With remote working seemingly taking over in popularity, companies are now increasing their workforces outside of North America, and moving focus towards Europe. This creates a wealth of opportunities for European tech workers who wouldn't normally have access to such companies, but it's introducing a noticeable divide between workers doing the same job, with the same experience, but in different countries.
Tech companies generally pay based on "market rates", meaning a percentile value of competitor companies within that country, which makes sense on the face of it, but when taking into account the fact that individual teams are comprised of some people getting paid up to 3x more than others for doing the same work, it creates a raft of bitter sentiment within teams.
Cost of living
The cost of living crisis doesn't apply solely to the tech industry but across every industry.

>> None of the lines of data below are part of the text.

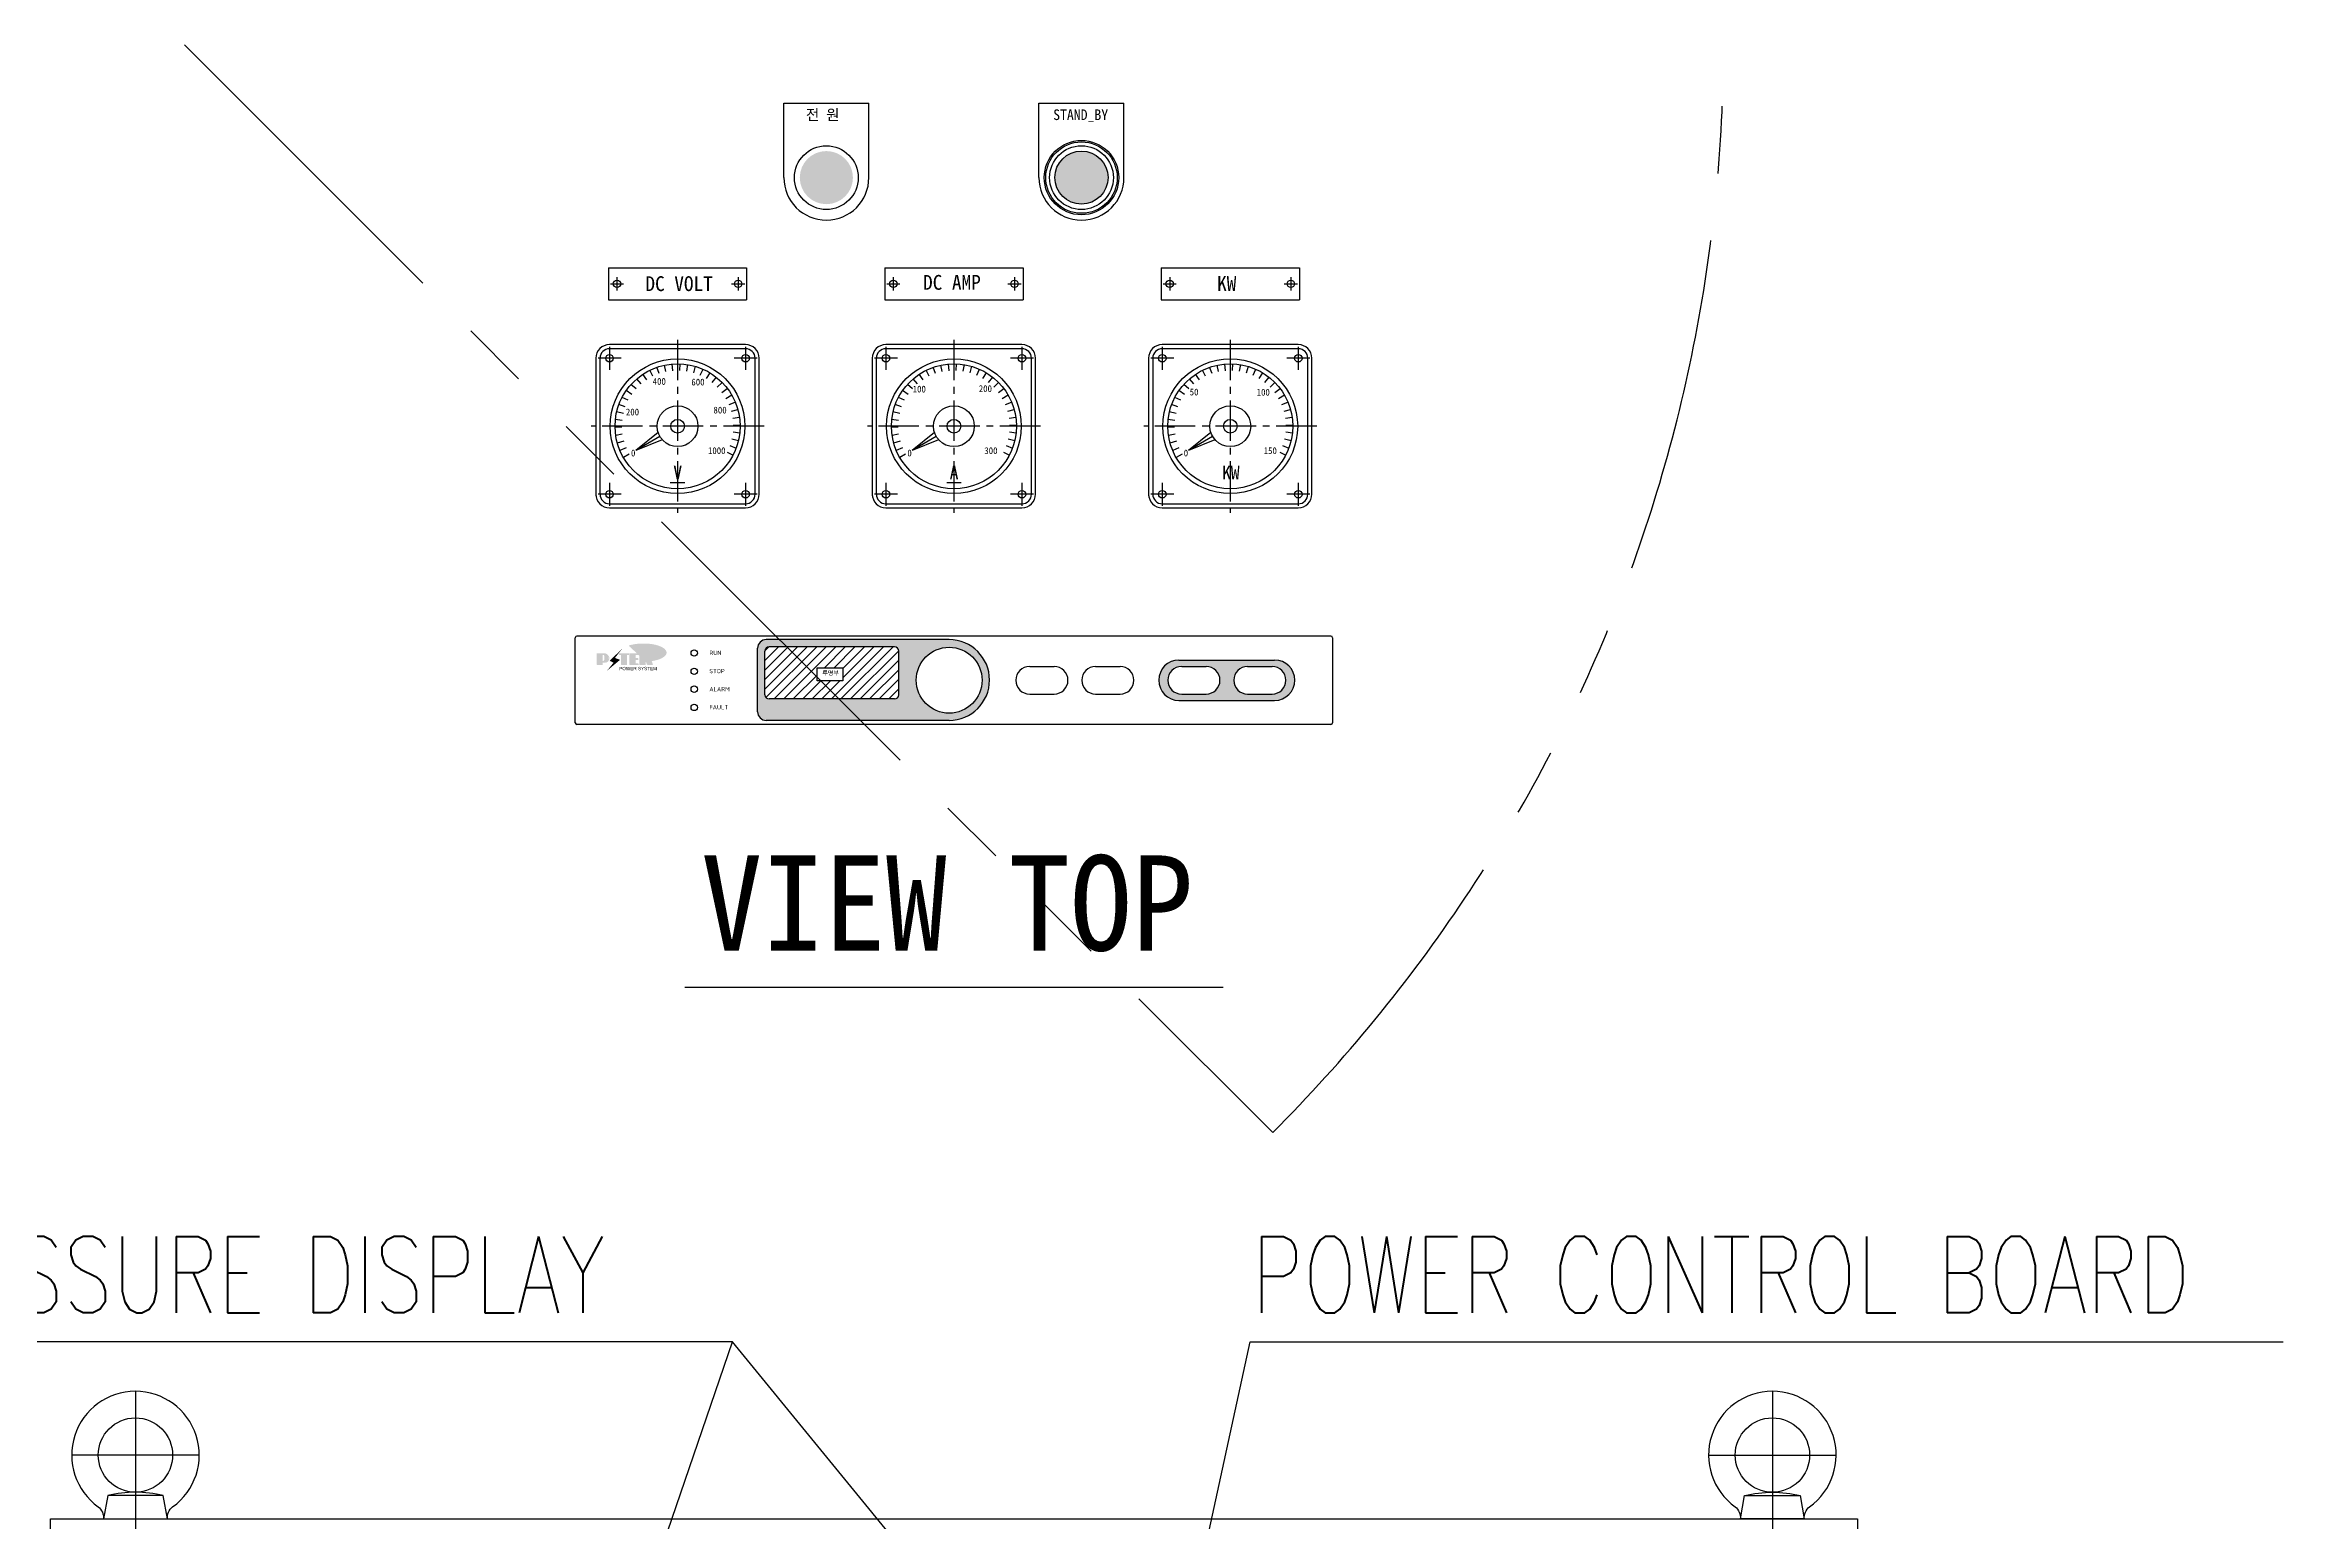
# Model space of a CAD drawing. Header units: millimetres. Extents: x -8980 to 16421, y 0 to 6237.
# Drawn here: x 11383 to 12436, y 3548 to 4243 of the extents above; entities that cross this region are included whole.
import ezdxf
from ezdxf.enums import TextEntityAlignment as Align

# ---------------------------------------------------------------- set-up
doc = ezdxf.new("R2010")
doc.units = ezdxf.units.MM
for name, pattern in [('CENTER', [50.8, 31.75, -6.35, 6.35, -6.35]), ('CENTER2', [28.575, 19.05, -3.175, 3.175, -3.175]), ('PHANTOM2', [31.75, 15.875, -3.175, 3.175, -3.175, 3.175, -3.175])]:
    doc.linetypes.add(name, pattern=pattern)
for name, color, linetype in [('4', 7, 'Continuous'), ('8', 2, 'Continuous'), ('case', 3, 'Continuous'), ('CEN', 1, 'CENTER'), ('SINK', 151, 'Continuous'), ('TAMPLATE', 7, 'Continuous')]:
    doc.layers.add(name, color=color, linetype=linetype)
doc.styles.add('h1', font='')
doc.styles.add('HAN', font='')
doc.styles.add('SINGLE', font='romans.shx', dxfattribs={"width": 0.75, "bigfont": 'ghs.shx'})
doc.styles.get("Standard").update_dxf_attribs({"font": 'ISOCP.SHX', "bigfont": 'WHGTXT.SHX'})
doc.styles.get('h1').set_extended_font_data('New Gulim')
doc.styles.get('HAN').set_extended_font_data('GulimChe')
doc.dimstyles.new('PS-10', dxfattribs={"dimscale": 10, "dimtxt": 3.2, "dimasz": 2.5, "dimexe": 2, "dimexo": 2.5, "dimgap": 2, "dimtad": 1, "dimtoh": 1, "dimrnd": 0.05, "dimzin": 12, "dimdsep": 46, "dimtxsty": 'Standard', "dimcen": 0, "dimclrt": 2, "dimazin": 3, "dimtfac": 1, "dimtofl": 0, "dimtmove": 0, "dimatfit": 3, "dimfxl": 0, "dimtolj": 1, "dimtzin": 0, "dimarcsym": 0})
doc.dimstyles.new('PS-3', dxfattribs={"dimscale": 3, "dimtxt": 3.2, "dimasz": 2.5, "dimexe": 2, "dimexo": 2.5, "dimgap": 2, "dimtad": 1, "dimtoh": 1, "dimrnd": 0.05, "dimzin": 12, "dimdsep": 46, "dimtxsty": 'Standard', "dimcen": 0, "dimclrt": 2, "dimazin": 3, "dimtfac": 1, "dimtofl": 0, "dimtmove": 0, "dimatfit": 3, "dimfxl": 0, "dimtolj": 1, "dimtzin": 0, "dimarcsym": 0})

# ---------------------------------------------------------------- blocks, each defined once
blk = doc.blocks.new('A$C5BCB7C3E')
for p, q in [((-4, 7.5), (61, 7.5)), ((-4, 7.5), (-4, -7.5)), ((-3.1, 0), (3.1, 0)), ((0, 3.1), (0, -3.1)), ((53.9, 0), (60.1, 0)), ((57, 3.1), (57, -3.1)), ((61, 7.5), (61, -7.5)), ((-4, -7.5), (61, -7.5))]:
    blk.add_line(p, q)
for centre in [(0, 0), (57, 0)]:
    blk.add_circle(centre, 1.75)
at = {"layer": 'CEN', "color": 1, "linetype": 'CENTER'}
for p, q in [((-3.1, 0), (3.1, 0)), ((-3.1, 0), (3.1, 0)), ((0, 3.1), (0, -3.1)), ((0, 3.1), (0, -3.1)), ((0, 3.1), (0, -3.1)), ((0, 3.1), (0, -3.1)), ((53.9, 0), (60.1, 0)), ((53.9, 0), (60.1, 0)), ((53.9, 0), (60.1, 0)), ((53.9, 0), (60.1, 0)), ((57, 3.1), (57, -3.1)), ((57, 3.1), (57, -3.1)), ((57, 3.1), (57, -3.1)), ((57, 3.1), (57, -3.1))]:
    blk.add_line(p, q, dxfattribs=at)
at = {"color": 3, "style": 'HAN'}
blk.add_text('DC VOLT', height=7, dxfattribs=at).set_placement((13.4, -3.4))
blk = doc.blocks.new('A$C34360021')
for p, q in [((-4, 7.5), (61, 7.5)), ((-4, 7.5), (-4, -7.5)), ((-3.1, 0), (3.1, 0)), ((0, 3.1), (0, -3.1)), ((53.9, 0), (60.1, 0)), ((57, 3.1), (57, -3.1)), ((61, 7.5), (61, -7.5)), ((-4, -7.5), (61, -7.5))]:
    blk.add_line(p, q)
for centre in [(0, 0), (57, 0)]:
    blk.add_circle(centre, 1.75)
at = {"layer": 'CEN', "color": 1, "linetype": 'CENTER'}
for p, q in [((-3.1, 0), (3.1, 0)), ((-3.1, 0), (3.1, 0)), ((-3.1, 0), (3.1, 0)), ((-3.1, 0), (3.1, 0)), ((0, 3.1), (0, -3.1)), ((0, 3.1), (0, -3.1)), ((0, 3.1), (0, -3.1)), ((0, 3.1), (0, -3.1)), ((53.9, 0), (60.1, 0)), ((53.9, 0), (60.1, 0)), ((53.9, 0), (60.1, 0)), ((53.9, 0), (60.1, 0)), ((57, 3.1), (57, -3.1)), ((57, 3.1), (57, -3.1)), ((57, 3.1), (57, -3.1)), ((57, 3.1), (57, -3.1))]:
    blk.add_line(p, q, dxfattribs=at)
at = {"color": 3, "style": 'HAN'}
blk.add_text('DC AMP', height=7, dxfattribs=at).set_placement((14, -2.8))
blk = doc.blocks.new('A$C6F9E4155')
for p, q in [((-4, 7.5), (-4, -7.5)), ((-4, 7.5), (61, 7.5)), ((-3.1, 0), (3.1, 0)), ((0, 3.1), (0, -3.1)), ((53.9, 0), (60.1, 0)), ((57, 3.1), (57, -3.1)), ((61, 7.5), (61, -7.5)), ((-4, -7.5), (61, -7.5))]:
    blk.add_line(p, q)
for centre in [(0, 0), (57, 0)]:
    blk.add_circle(centre, 1.75)
at = {"layer": 'CEN', "color": 1, "linetype": 'CENTER'}
for p, q in [((-3.1, 0), (3.1, 0)), ((-3.1, 0), (3.1, 0)), ((-3.1, 0), (3.1, 0)), ((-3.1, 0), (3.1, 0)), ((0, 3.1), (0, -3.1)), ((0, 3.1), (0, -3.1)), ((0, 3.1), (0, -3.1)), ((0, 3.1), (0, -3.1)), ((53.9, 0), (60.1, 0)), ((53.9, 0), (60.1, 0)), ((53.9, 0), (60.1, 0)), ((53.9, 0), (60.1, 0)), ((57, 3.1), (57, -3.1)), ((57, 3.1), (57, -3.1)), ((57, 3.1), (57, -3.1)), ((57, 3.1), (57, -3.1))]:
    blk.add_line(p, q, dxfattribs=at)
at = {"color": 3, "style": 'HAN'}
blk.add_text('KW', height=7, dxfattribs=at).set_placement((22.3, -3.3))
blk = doc.blocks.new('A$C4862291F')
for color, points in [(7, [(-12.5, 0, 1), (12.5, 0, 1)]), (1, [(107.5, 0, 1), (132.5, 0, 1)])]:
    blk.add_hatch(color=color).paths.add_polyline_path(points)
for p, q in [((-20, 35), (20, 35)), ((-20, 0), (-20, 35)), ((20, 0), (20, 35)), ((100, 35, 0), (140, 35, 0)), ((100, 0, 0), (100, 35, 0)), ((140, 0, 0), (140, 35, 0))]:
    blk.add_line(p, q)
at = {"color": 3}
for centre in [(0, 0), (0, 0), (120, 0), (120, 0, 0), (120, 0, 0)]:
    blk.add_circle(centre, 15, dxfattribs=at)
for centre, radius in [((0, 0), 15), ((120, 0, 0), 17.5), ((120, 0, 0), 16.8), ((120, 0, 0), 15), ((120, 0, 0), 12.5)]:
    blk.add_circle(centre, radius)
at = {"color": 0}
blk.add_circle((120, 0, 0), 15, dxfattribs=at)
blk.add_circle((120, 0, 0), 15, dxfattribs=at)
blk.add_circle((120, 0, 0), 15, dxfattribs=at)
blk.add_circle((120, 0, 0), 15, dxfattribs=at)
blk.add_circle((120, 0, 0), 15, dxfattribs=at)
for centre in [(0, 0), (120, 0, 0)]:
    blk.add_arc(centre, 20, 180, 0)
at = {"layer": 'case', "color": 3}
blk.add_circle((120, 0, 0), 15, dxfattribs=at)
at = {"style": 'HAN'}
for s, p in [('전 원', (-9.6, 27.1)), ('STAND_BY', (106.7, 27.1, 0))]:
    blk.add_text(s, height=5, dxfattribs=at).set_placement(p)
blk = doc.blocks.new('A$C1517136A')
for p, q in [((-38.4, 32.3), (-38.4, -32.7)), ((-36.5, 32), (-36.5, -32)), ((32, 38.4), (-32, 38.4)), ((32, 36.5), (-32, 36.5)), ((36.5, -32, 0), (36.5, 32, 0)), ((38.4, -32, 0), (38.4, 32, 0)), ((-17.1, 19.9), (-19.2, 22.3)), ((-14.5, 21.9), (-16.3, 24.5)), ((-11.7, 23.5), (-13.1, 26.4)), ((-8.6, 24.8), (-9.7, 27.8)), ((-5.5, 25.7), (-6.1, 28.8)), ((-2.2, 26.1), (-2.5, 29.3)), ((1.1, 26.2), (1.2, 29.4)), ((4.4, 25.9), (4.9, 29)), ((7.6, 25.1), (8.5, 28.2)), ((10.7, 24), (12, 26.9)), ((13.6, 22.4), (15.3, 25.2)), ((16.3, 20.6), (18.3, 23.1)), ((-23.3, 12.2), (-26.1, 13.6)), ((-21.5, 15), (-24.2, 16.8)), ((-19.5, 17.6), (-21.9, 19.7)), ((18.7, 18.4), (21, 20.6)), ((20.9, 15.9), (23.4, 17.8)), ((22.7, 13.1), (25.5, 14.7)), ((24.2, 10.2), (27.1, 11.4)), ((-26.1, 2.7), (-29.3, 3.1)), ((-25.5, 6), (-28.7, 6.7)), ((-24.6, 9.1), (-27.6, 10.3)), ((25.3, 7.1), (28.4, 7.9)), ((26, 3.8), (29.1, 4.3)), ((26.2, 0.5), (29.4, 0.6)), ((-26.2, -0.5), (-29.4, -0.6)), ((-26, -3.8), (-29.1, -4.3)), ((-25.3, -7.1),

It's no secret that a lot of the world is experiencing a cost of living crisis right now due to the pandemic, the war in Ukraine, and more local issues such as Brexit. Taking the UK as an example, the rate of inflation at the time of writing is its highest in 40 years at a rate of 9%. When workers' salaries have 9% less buying power than they did a year ago without raises to match, then it's obvious that it's going to cause frustration, especially when combined with issues with RSUs and remote working.